Howard Gardner, el padre de la teoría de las inteligencias múltiples, sostiene que la inteligencia no se mide sólo por unos parámetros restringidos sino que tiene muchas facetas: cognoscitiva, emocional, plástica y visual, etcétera. Una de las consecuencias de la aplicación de esta teoría al mundo escolar es el esfuerzo por sacar de cada alumno lo mejor de sí mismo y para eso tenemos que descubrir cuál es su inteligencia dominante para, a través de ella, conseguir una mayor motivación y la autoestima necesaria.
Lo puede faltar tampoco, como hemos dicho, el esfuerzo del estudiante. El que quiere conseguir unas metas altas se exige y se priva de muchas cosas. Un buen deportista no sólo se entrena, cuida también su alimentación y su descanso, y muchas veces no hace lo que le apetece, aunque le cueste. También el estudiante que aspira a los mejores resultados intelectuales y humanos ha de conseguir esa unidad. Unidad que por desgracia les falta a algunos jóvenes brillantes. Dedican cinco días al trabajo y al estudio y pasan el fin de semana sin otro objetivo que ‘el botellón’. Así no se puede llegar muy lejos, se puede ir tirando, pero nada más.
No hemos de tener miedo a plantear a los jóvenes metas exigentes.
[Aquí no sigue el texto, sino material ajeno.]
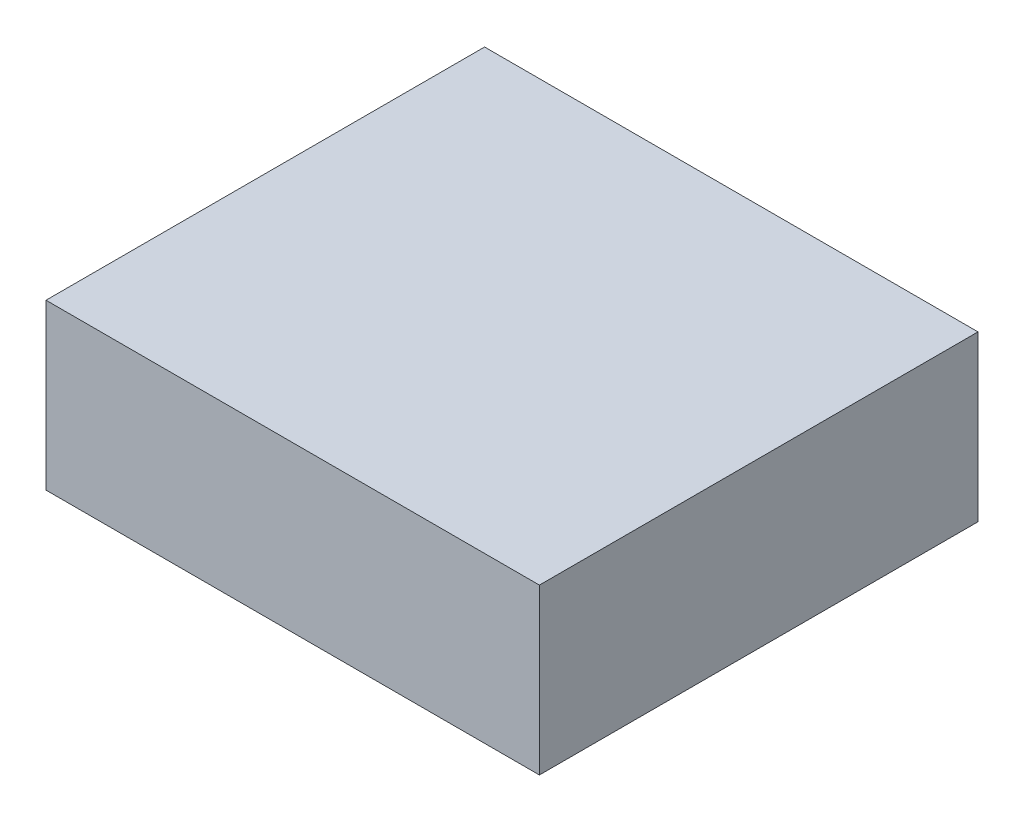
ISO-10303-21;
HEADER;
FILE_DESCRIPTION(('STEP AP214'),'2;1');
FILE_NAME('part.step','',(''),(''),'','','');
FILE_SCHEMA(('AUTOMOTIVE_DESIGN { 1 0 10303 214 1 1 1 1 }'));
ENDSEC;
DATA;
#1=APPLICATION_CONTEXT('core data for automotive mechanical design processes');
#2=APPLICATION_PROTOCOL_DEFINITION('international standard','automotive_design',2000,#1);
#3=PRODUCT_CONTEXT('',#1,'mechanical');
#4=PRODUCT('Part','Part','',(#3));
#5=PRODUCT_RELATED_PRODUCT_CATEGORY('part','',(#4));
#6=PRODUCT_DEFINITION_FORMATION('','',#4);
#7=PRODUCT_DEFINITION_CONTEXT('part definition',#1,'design');
#8=PRODUCT_DEFINITION('design','',#6,#7);
#9=PRODUCT_DEFINITION_SHAPE('','',#8);
#10=(LENGTH_UNIT() NAMED_UNIT(*) SI_UNIT(.MILLI.,.METRE.));
#11=(NAMED_UNIT(*) PLANE_ANGLE_UNIT() SI_UNIT($,.RADIAN.));
#12=(NAMED_UNIT(*) SI_UNIT($,.STERADIAN.) SOLID_ANGLE_UNIT());
#13=UNCERTAINTY_MEASURE_WITH_UNIT(LENGTH_MEASURE(1.E-05),#10,'distance_accuracy_value','');
#14=(GEOMETRIC_REPRESENTATION_CONTEXT(3) GLOBAL_UNCERTAINTY_ASSIGNED_CONTEXT((#13)) GLOBAL_UNIT_ASSIGNED_CONTEXT((#10,
#11,#12)) REPRESENTATION_CONTEXT('',''));
#15=CARTESIAN_POINT('',(0.,0.,0.));
#16=DIRECTION('',(0.,0.,1.));
#17=DIRECTION('',(1.,0.,0.));
#18=AXIS2_PLACEMENT_3D('',#15,#16,#17);
#19=CARTESIAN_POINT('',(-850.,-230.,2040.));
#20=DIRECTION('',(1.,0.,0.));
#21=DIRECTION('',(0.,0.,-1.));
#22=AXIS2_PLACEMENT_3D('',#19,#20,#21);
#23=PLANE('',#22);
#24=DIRECTION('',(0.,-1.,0.));
#25=VECTOR('',#24,1.);
#26=CARTESIAN_POINT('',(-850.,-230.,1240.));
#27=LINE('',#26,#25);
#28=CARTESIAN_POINT('',(-850.,69.9999999999999,1240.));
#29=VERTEX_POINT('',#28);
#30=CARTESIAN_POINT('',(-850.,-230.,1240.));
#31=VERTEX_POINT('',#30);
#32=EDGE_CURVE('E105',#29,#31,#27,.T.);
#33=ORIENTED_EDGE('',*,*,#32,.T.);
#34=DIRECTION('',(0.,0.,-1.));
#35=VECTOR('',#34,1.);
#36=CARTESIAN_POINT('',(-850.,-230.,2040.));
#37=LINE('',#36,#35);
#38=CARTESIAN_POINT('',(-850.,-230.,2040.));
#39=VERTEX_POINT('',#38);
#40=EDGE_CURVE('E11',#39,#31,#37,.T.);
#41=ORIENTED_EDGE('',*,*,#40,.F.);
#42=DIRECTION('',(0.,-1.,0.));
#43=VECTOR('',#42,1.);
#44=CARTESIAN_POINT('',(-850.,-230.,2040.));
#45=LINE('',#44,#43);
#46=CARTESIAN_POINT('',(-850.,69.9999999999999,2040.));
#47=VERTEX_POINT('',#46);
#48=EDGE_CURVE('E89',#47,#39,#45,.T.);
#49=ORIENTED_EDGE('',*,*,#48,.F.);
#50=DIRECTION('',(0.,0.,-1.));
#51=VECTOR('',#50,1.);
#52=CARTESIAN_POINT('',(-850.,69.9999999999999,2040.));
#53=LINE('',#52,#51);
#54=EDGE_CURVE('E98',#47,#29,#53,.T.);
#55=ORIENTED_EDGE('',*,*,#54,.T.);
#56=EDGE_LOOP('',(#33,#41,#49,#55));
#57=FACE_BOUND('',#56,.T.);
#58=ADVANCED_FACE('F39',(#57),#23,.F.);
#59=CARTESIAN_POINT('',(-850.,-230.,2040.));
#60=DIRECTION('',(0.,1.,0.));
#61=DIRECTION('',(0.,0.,1.));
#62=AXIS2_PLACEMENT_3D('',#59,#60,#61);
#63=PLANE('',#62);
#64=DIRECTION('',(1.,0.,0.));
#65=VECTOR('',#64,1.);
#66=CARTESIAN_POINT('',(-850.,-230.,1240.));
#67=LINE('',#66,#65);
#68=CARTESIAN_POINT('',(50.,-230.,1240.));
#69=VERTEX_POINT('',#68);
#70=EDGE_CURVE('E94',#31,#69,#67,.T.);
#71=ORIENTED_EDGE('',*,*,#70,.T.);
#72=DIRECTION('',(0.,0.,-1.));
#73=VECTOR('',#72,1.);
#74=CARTESIAN_POINT('',(50.,-230.,2040.));
#75=LINE('',#74,#73);
#76=CARTESIAN_POINT('',(50.,-230.,2040.));
#77=VERTEX_POINT('',#76);
#78=EDGE_CURVE('E50',#77,#69,#75,.T.);
#79=ORIENTED_EDGE('',*,*,#78,.F.);
#80=DIRECTION('',(1.,0.,0.));
#81=VECTOR('',#80,1.);
#82=CARTESIAN_POINT('',(-850.,-230.,2040.));
#83=LINE('',#82,#81);
#84=EDGE_CURVE('E83',#39,#77,#83,.T.);
#85=ORIENTED_EDGE('',*,*,#84,.F.);
#86=ORIENTED_EDGE('',*,*,#40,.T.);
#87=EDGE_LOOP('',(#71,#79,#85,#86));
#88=FACE_BOUND('',#87,.T.);
#89=ADVANCED_FACE('F91',(#88),#63,.F.);
#90=CARTESIAN_POINT('',(50.,-230.,2040.));
#91=DIRECTION('',(-1.,0.,0.));
#92=DIRECTION('',(0.,0.,1.));
#93=AXIS2_PLACEMENT_3D('',#90,#91,#92);
#94=PLANE('',#93);
#95=DIRECTION('',(0.,1.,0.));
#96=VECTOR('',#95,1.);
#97=CARTESIAN_POINT('',(50.,-230.,1240.));
#98=LINE('',#97,#96);
#99=CARTESIAN_POINT('',(50.,69.9999999999999,1240.));
#100=VERTEX_POINT('',#99);
#101=EDGE_CURVE('E75',#69,#100,#98,.T.);
#102=ORIENTED_EDGE('',*,*,#101,.T.);
#103=DIRECTION('',(0.,0.,-1.));
#104=VECTOR('',#103,1.);
#105=CARTESIAN_POINT('',(50.,69.9999999999999,2040.));
#106=LINE('',#105,#104);
#107=CARTESIAN_POINT('',(50.,69.9999999999999,2040.));
#108=VERTEX_POINT('',#107);
#109=EDGE_CURVE('E92',#108,#100,#106,.T.);
#110=ORIENTED_EDGE('',*,*,#109,.F.);
#111=DIRECTION('',(0.,1.,0.));
#112=VECTOR('',#111,1.);
#113=CARTESIAN_POINT('',(50.,-230.,2040.));
#114=LINE('',#113,#112);
#115=EDGE_CURVE('E86',#77,#108,#114,.T.);
#116=ORIENTED_EDGE('',*,*,#115,.F.);
#117=ORIENTED_EDGE('',*,*,#78,.T.);
#118=EDGE_LOOP('',(#102,#110,#116,#117));
#119=FACE_BOUND('',#118,.T.);
#120=ADVANCED_FACE('F96',(#119),#94,.F.);
#121=CARTESIAN_POINT('',(-850.,69.9999999999999,2040.));
#122=DIRECTION('',(0.,-1.,0.));
#123=DIRECTION('',(0.,0.,-1.));
#124=AXIS2_PLACEMENT_3D('',#121,#122,#123);
#125=PLANE('',#124);
#126=DIRECTION('',(-1.,0.,0.));
#127=VECTOR('',#126,1.);
#128=CARTESIAN_POINT('',(-850.,69.9999999999999,1240.));
#129=LINE('',#128,#127);
#130=EDGE_CURVE('E79',#100,#29,#129,.T.);
#131=ORIENTED_EDGE('',*,*,#130,.T.);
#132=ORIENTED_EDGE('',*,*,#54,.F.);
#133=DIRECTION('',(-1.,0.,0.));
#134=VECTOR('',#133,1.);
#135=CARTESIAN_POINT('',(-850.,69.9999999999999,2040.));
#136=LINE('',#135,#134);
#137=EDGE_CURVE('E54',#108,#47,#136,.T.);
#138=ORIENTED_EDGE('',*,*,#137,.F.);
#139=ORIENTED_EDGE('',*,*,#109,.T.);
#140=EDGE_LOOP('',(#131,#132,#138,#139));
#141=FACE_BOUND('',#140,.T.);
#142=ADVANCED_FACE('F108',(#141),#125,.F.);
#143=CARTESIAN_POINT('',(0.,0.,2040.));
#144=DIRECTION('',(0.,0.,-1.));
#145=DIRECTION('',(-1.,0.,0.));
#146=AXIS2_PLACEMENT_3D('',#143,#144,#145);
#147=PLANE('',#146);
#148=ORIENTED_EDGE('',*,*,#48,.T.);
#149=ORIENTED_EDGE('',*,*,#84,.T.);
#150=ORIENTED_EDGE('',*,*,#115,.T.);
#151=ORIENTED_EDGE('',*,*,#137,.T.);
#152=EDGE_LOOP('',(#148,#149,#150,#151));
#153=FACE_BOUND('',#152,.T.);
#154=ADVANCED_FACE('F88',(#153),#147,.F.);
#155=CARTESIAN_POINT('',(0.,0.,1240.));
#156=DIRECTION('',(0.,0.,-1.));
#157=DIRECTION('',(-1.,0.,0.));
#158=AXIS2_PLACEMENT_3D('',#155,#156,#157);
#159=PLANE('',#158);
#160=ORIENTED_EDGE('',*,*,#32,.F.);
#161=ORIENTED_EDGE('',*,*,#130,.F.);
#162=ORIENTED_EDGE('',*,*,#101,.F.);
#163=ORIENTED_EDGE('',*,*,#70,.F.);
#164=EDGE_LOOP('',(#160,#161,#162,#163));
#165=FACE_BOUND('',#164,.T.);
#166=ADVANCED_FACE('F115',(#165),#159,.T.);
#167=CLOSED_SHELL('',(#58,#89,#120,#142,#154,#166));
#168=MANIFOLD_SOLID_BREP('B2',#167);
#169=ADVANCED_BREP_SHAPE_REPRESENTATION('',(#18,#168),#14);
#170=SHAPE_DEFINITION_REPRESENTATION(#9,#169);
ENDSEC;
END-ISO-10303-21;

Los alumnos llegarán tan alto como nosotros se lo propongamos, ya que son capaces de sacrificarse por lo que vale la pena. Todo dependerá del objetivo que les señalemos, que estará en relación con la confianza que tengamos en ellos. Benedicto XVI ha reunido a una multitud de jóvenes que acudieron a Colonia, y ellos sabían que no les iba a poner las cosas fáciles. Tal vez sea un buen ejemplo ahora que comienza el nuevo curso académico.